That the world was a paradise while man's wisdom sufficed for her who
was to behold God only through him, has been the teaching of creeds not
yet dead. There is a lesson in the little Samaritan maiden's repetition
of the first transgression, as well as in its repetition a thousand
times since. He that runneth may read in it this moral of the symbol,
legend, or verity of Holy Writ, whichever way we may regard the story of
the bite of the apple, viz.: that a desire _to know_ was evidently an
element in woman's original psychical nature, be it original sin, or
otherwise; and correspondingly endowed, as is, just as evidently, her
physical organization, to gratify this desire, we may conclude that she
will compel some of the educational institutions of the age to her
service in its accomplishment.
I am glad that the recent alarm of Dr. Clarke, certainly the most
rousing of our time, has been sounded. Rung out from his high tower of
professional eminence and authority, it must and does attract attention.
It is a cry of "Halt!" and let us see where we are going.
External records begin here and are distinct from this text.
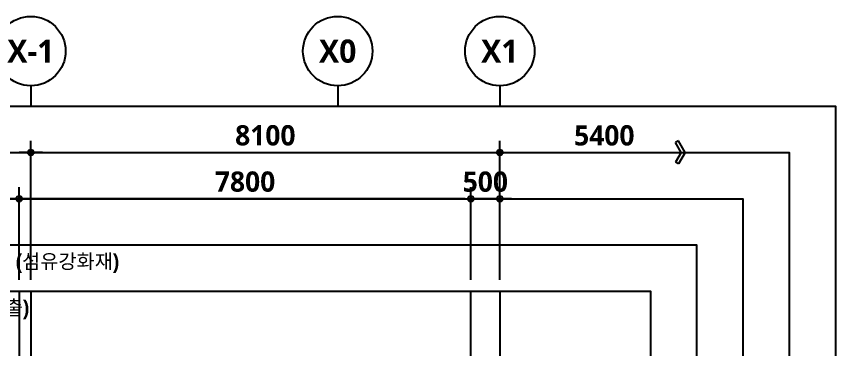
# Model space of a CAD drawing. Header units: millimetres. Extents: x 0 to 168000, y 0 to 59400.
# Drawn here: x 104048 to 118198, y 23094 to 28852 of the extents above; entities that cross this region are included whole.
import ezdxf
from ezdxf.enums import TextEntityAlignment as Align

# ---------------------------------------------------------------- set-up
doc = ezdxf.new("R2010")
doc.units = ezdxf.units.MM
doc.header["$LTSCALE"] = 100
doc.linetypes.add('CEN', pattern=[62, 60, -1, 0, -1])
doc.linetypes.add('주단면도-1$0$STD_CENTER', pattern=[66, 60, -2, 2, -2])
doc.layers.get('Defpoints').update_dxf_attribs({"color": 153})
for name, color, linetype in [('A-ANNO-TEXT1', 7, 'Continuous'), ('A-CEN', 1, 'CEN'), ('A-MKXS-TEXT1', 3, 'Continuous'), ('A-ST-AXIS-BUB', 7, 'Continuous'), ('A-ST-AXIS-DIM', 7, 'Continuous'), ('주단면도-1$0$A-ST-AXIS-CEN', 252, '주단면도-1$0$STD_CENTER')]:
    doc.layers.add(name, color=color, linetype=linetype)
doc.layers.add('G(그리드1)', color=185, linetype='Continuous', plot=False)
doc.styles.add('2020음성 1차', font='나눔고딕Bold.ttf')
doc.styles.add('SH_진천_나눔', font='')
doc.styles.get('SH_진천_나눔').set_extended_font_data('NanumGothic', bold=True)
doc.dimstyles.new('SHP 100', dxfattribs={"dimscale": 100, "dimtxt": 3.5, "dimasz": 1, "dimexe": 2, "dimexo": 2, "dimgap": 1, "dimtad": 1, "dimdec": 0, "dimzin": 0, "dimdsep": 46, "dimtxsty": 'SH_진천_나눔', "dimblk": 'DIMDOT', "dimcen": 0.09, "dimclrd": 256, "dimclre": 256, "dimclrt": 3, "dimadec": 0, "dimazin": 1, "dimtfac": 1, "dimtdec": 0, "dimtix": 1, "dimtmove": 2, "dimatfit": 0, "dimldrblk": 'DIMDOT', "dimfxl": 1, "dimtolj": 1, "dimtzin": 0, "dimlwd": -1, "dimlwe": -1, "dimarcsym": 0})

# ---------------------------------------------------------------- blocks, each defined once
blk = doc.blocks.new('DIMDOT')
at = {"color": 0}
blk.add_line((-2, 0), (2, 0), dxfattribs=at)
for radius in [0.5, 0.25]:
    blk.add_circle((0, 0), radius, dxfattribs=at)
blk = doc.blocks.new('*D9333')
at = {"layer": 'A-ST-AXIS-DIM'}
for p, q in [((96798, 24302), (96798, 26702)), ((104298, 24302), (104298, 26702)), ((96898, 26502), (104198, 26502))]:
    blk.add_line(p, q, dxfattribs=at)
at = {"layer": 'Defpoints', "color": 0}
for p in [(104298, 26502), (96798, 24102), (104298, 24102)]:
    blk.add_point(p, dxfattribs=at)
at = {"layer": 'A-ST-AXIS-DIM', "linetype": 'ByBlock', "xscale": 100, "yscale": 100, "zscale": 100, "rotation": 180}
blk.add_blockref('DIMDOT', (96798, 26502), dxfattribs=at)
at = {"layer": 'A-ST-AXIS-DIM', "linetype": 'ByBlock', "xscale": 100, "yscale": 100, "zscale": 100}
blk.add_blockref('DIMDOT', (104298, 26502), dxfattribs=at)
at = {"layer": 'A-ST-AXIS-DIM', "color": 3, "insert": (100548, 26794), "char_height": 350, "attachment_point": 5, "style": 'SH_진천_나눔'}
blk.add_mtext('\\A1;7500', dxfattribs=at)
blk = doc.blocks.new('*D9334')
at = {"layer": 'A-ST-AXIS-DIM'}
for p, q in [((96798, 24302), (96798, 25902)), ((104098, 24302), (104098, 25902)), ((103998, 25702), (96898, 25702))]:
    blk.add_line(p, q, dxfattribs=at)
at = {"layer": 'Defpoints', "color": 0}
for p in [(96798, 25702), (96798, 24102), (104098, 24102)]:
    blk.add_point(p, dxfattribs=at)
at = {"layer": 'A-ST-AXIS-DIM', "linetype": 'ByBlock', "xscale": 100, "yscale": 100, "zscale": 100, "rotation": 180}
blk.add_blockref('DIMDOT', (96798, 25702), dxfattribs=at)
at = {"layer": 'A-ST-AXIS-DIM', "linetype": 'ByBlock', "xscale": 100, "yscale": 100, "zscale": 100}
blk.add_blockref('DIMDOT', (104098, 25702), dxfattribs=at)
at = {"layer": 'A-ST-AXIS-DIM', "color": 3, "insert": (100448, 25995), "char_height": 350, "attachment_point": 5, "style": 'SH_진천_나눔'}
blk.add_mtext('\\A1;7300', dxfattribs=at)
blk = doc.blocks.new('*D9335')
at = {"layer": 'A-ST-AXIS-DIM'}
for p, q in [((104298, 24302), (104298, 26702)), ((112398, 24302), (112398, 26702)), ((104398, 26502), (112298, 26502))]:
    blk.add_line(p, q, dxfattribs=at)
at = {"layer": 'Defpoints', "color": 0}
for p in [(112398, 26502), (104298, 24102), (112398, 24102)]:
    blk.add_point(p, dxfattribs=at)
at = {"layer": 'A-ST-AXIS-DIM', "linetype": 'ByBlock', "xscale": 100, "yscale": 100, "zscale": 100, "rotation": 180}
blk.add_blockref('DIMDOT', (104298, 26502), dxfattribs=at)
at = {"layer": 'A-ST-AXIS-DIM', "linetype": 'ByBlock', "xscale": 100, "yscale": 100, "zscale": 100}
blk.add_blockref('DIMDOT', (112398, 26502), dxfattribs=at)
at = {"layer": 'A-ST-AXIS-DIM', "color": 3, "insert": (108348, 26795), "char_height": 350, "attachment_point": 5, "style": 'SH_진천_나눔'}
blk.add_mtext('\\A1;8100', dxfattribs=at)
blk = doc.blocks.new('*D9337')
at = {"layer": 'A-ST-AXIS-DIM'}
for p, q in [((104098, 24302), (104098, 25902)), ((111898, 24302), (111898, 25902)), ((111798, 25702), (104198, 25702))]:
    blk.add_line(p, q, dxfattribs=at)
at = {"layer": 'Defpoints', "color": 0}
for p in [(104098, 25702), (104098, 24102), (111898, 24102)]:
    blk.add_point(p, dxfattribs=at)
at = {"layer": 'A-ST-AXIS-DIM', "linetype": 'ByBlock', "xscale": 100, "yscale": 100, "zscale": 100, "rotation": 180}
blk.add_blockref('DIMDOT', (104098, 25702), dxfattribs=at)
at = {"layer": 'A-ST-AXIS-DIM', "linetype": 'ByBlock', "xscale": 100, "yscale": 100, "zscale": 100}
blk.add_blockref('DIMDOT', (111898, 25702), dxfattribs=at)
at = {"layer": 'A-ST-AXIS-DIM', "color": 3, "insert": (107998, 25995), "char_height": 350, "attachment_point": 5, "style": 'SH_진천_나눔'}
blk.add_mtext('\\A1;7800', dxfattribs=at)
blk = doc.blocks.new('*D9338')
at = {"layer": 'A-ST-AXIS-DIM'}
for p, q in [((111898, 24302), (111898, 25902)), ((112398, 24302), (112398, 25902)), ((111798, 25702), (111698, 25702)), ((112398, 25702), (111898, 25702)), ((112498, 25702), (112598, 25702))]:
    blk.add_line(p, q, dxfattribs=at)
at = {"layer": 'Defpoints', "color": 0}
for p in [(111898, 25702), (111898, 24102), (112398, 24102)]:
    blk.add_point(p, dxfattribs=at)
at = {"layer": 'A-ST-AXIS-DIM', "linetype": 'ByBlock', "xscale": 100, "yscale": 100, "zscale": 100}
blk.add_blockref('DIMDOT', (111898, 25702), dxfattribs=at)
at = {"layer": 'A-ST-AXIS-DIM', "linetype": 'ByBlock', "xscale": 100, "yscale": 100, "zscale": 100, "rotation": 180}
blk.add_blockref('DIMDOT', (112398, 25702), dxfattribs=at)
at = {"layer": 'A-ST-AXIS-DIM', "color": 3, "insert": (112148, 25994), "char_height": 350, "attachment_point": 5, "style": 'SH_진천_나눔'}
blk.add_mtext('\\A1;500', dxfattribs=at)
blk = doc.blocks.new('A-ST-AXIS-BUB-1')
at = {"layer": 'A-ST-AXIS-BUB'}
blk.add_line((0, 350), (0, 0), dxfattribs=at)
blk.add_circle((0, 950), 600, dxfattribs=at)
blk = doc.blocks.new('arrow1')
at = {"color": 0}
for p, q in [((0, 0), (0.286, 0.501)), ((0.165, 0), (0.41, 0.429)), ((0.286, 0.501), (0.41, 0.43)), ((0, 0), (0.286, -0.501)), ((0.165, 0), (0.41, -0.429)), ((0.286, -0.501), (0.41, -0.43))]:
    blk.add_line(p, q, dxfattribs=at)

msp = doc.modelspace()

# ---------------------------------------------------------------- linework, layer by layer
at = {"layer": 'A-CEN'}
for p, q in [((104098, 24102), (104098, 6702)), ((111898, 6702), (111898, 24102))]:
    msp.add_line(p, q, dxfattribs=at)
at = {"layer": 'A-ST-AXIS-DIM'}
msp.add_line((112598, 26502), (115598, 26502), dxfattribs=at)
at = {"layer": 'G(그리드1)'}
for points in [[(89498, 27302), (118198, 27302), (118198, 3502), (89498, 3502)], [(90298, 26502), (117398, 26502), (117398, 4302), (90298, 4302)], [(91098, 25702), (116598, 25702), (116598, 5102), (91098, 5102)], [(91898, 24902), (115798, 24902), (115798, 5902), (91898, 5902)], [(92698, 24102), (114998, 24102), (114998, 6702), (92698, 6702)]]:
    msp.add_lwpolyline(points, close=True, dxfattribs=at)
at = {"layer": '주단면도-1$0$A-ST-AXIS-CEN', "linetype": 'Continuous'}
for p, q in [((104298, 24102), (104298, 6702)), ((112398, 24102), (112398, 6702))]:
    msp.add_line(p, q, dxfattribs=at)

# ---------------------------------------------------------------- block references
at = {"layer": 'A-ST-AXIS-BUB'}
for p in [(104298, 27302), (109598, 27302), (112398, 27302)]:
    msp.add_blockref('A-ST-AXIS-BUB-1', p, dxfattribs=at)
at = {"layer": 'A-ST-AXIS-DIM', "xscale": 400, "yscale": 400, "zscale": 400, "rotation": 180.000000000013}
msp.add_blockref('arrow1', (115598, 26502), dxfattribs=at)

# ---------------------------------------------------------------- texts
at = {"layer": 'A-ANNO-TEXT1', "style": 'SH_진천_나눔'}
for s, p in [('X-1', (104298, 28252)), ('X0', (109598, 28252)), ('X1', (112398, 28252))]:
    msp.add_text(s, height=400, dxfattribs=at).set_placement(p, align=Align.MIDDLE_CENTER)
at = {"layer": 'A-MKXS-TEXT1', "style": '2020음성 1차'}
for s, p in [("THK120 무근CON'C (섬유강화재)", (100913, 24618.7)), ('연질형복합방수(비노출)', (100913, 23818.7))]:
    msp.add_text(s, height=250, dxfattribs=at).set_placement(p, align=Align.MIDDLE_LEFT)
at = {"layer": 'A-ST-AXIS-DIM', "color": 3, "insert": (114203, 26793.9), "char_height": 350, "attachment_point": 5, "style": 'SH_진천_나눔'}
msp.add_mtext('\\A1;5400', dxfattribs=at)

# ---------------------------------------------------------------- dimensions: what is measured, and where the dimension line sits
at = {"layer": 'A-ST-AXIS-DIM'}
for base, p1, p2, picture, middle in [((104298, 26502), (96798, 24102), (104298, 24102), '*D9333', (100548, 26794.4)), ((112398, 26502), (104298, 24102), (112398, 24102), '*D9335', (108348, 26795.2))]:
    dim = msp.add_linear_dim(base=base, p1=p1, p2=p2, dimstyle='SHP 100', dxfattribs=at)
    dim.commit()
    dim.dimension.update_dxf_attribs({"geometry": picture, "text_midpoint": middle})
for base, p1, p2, picture, middle in [((96798, 25702), (104098, 24102), (96798, 24102), '*D9334', (100448, 25995.2)), ((104098, 25702), (111898, 24102), (104098, 24102), '*D9337', (107998, 25995.2)), ((111898, 25702), (112398, 24102), (111898, 24102), '*D9338', (112148, 25994.4))]:
    dim = msp.add_linear_dim(base=base, p1=p1, p2=p2, angle=0, dimstyle='SHP 100', dxfattribs=at)
    dim.commit()
    dim.dimension.update_dxf_attribs({"geometry": picture, "text_midpoint": middle})

doc.saveas('drawing.dxf')

So, rude and
harsh as are many of its tones, discordant with truth as we can but
believe some of his statements, and more of his conclusions, I am glad
it has been sounded. His facts are momentous. Let us heed them, and
charge the sin where it belongs. The book will lead to investigations
and in the end to an improvement in methods, and a higher, more
thorough, education of women. Dr. Clarke thinks "that if it were
possible to marry Oriental care of woman's organization to her Western
liberty and culture of the brain, there would be a new birth, and a
loftier type of womanly grace and force." But his conclusions seem to be
that this is impossible, and, since they cannot be united, of the two
types of women, the brain-cultured, intellectual women of the West, and
the Oriental women, "with their well developed forms, their brown skins,
rich with the blood and sun of the East," he prefers the latter.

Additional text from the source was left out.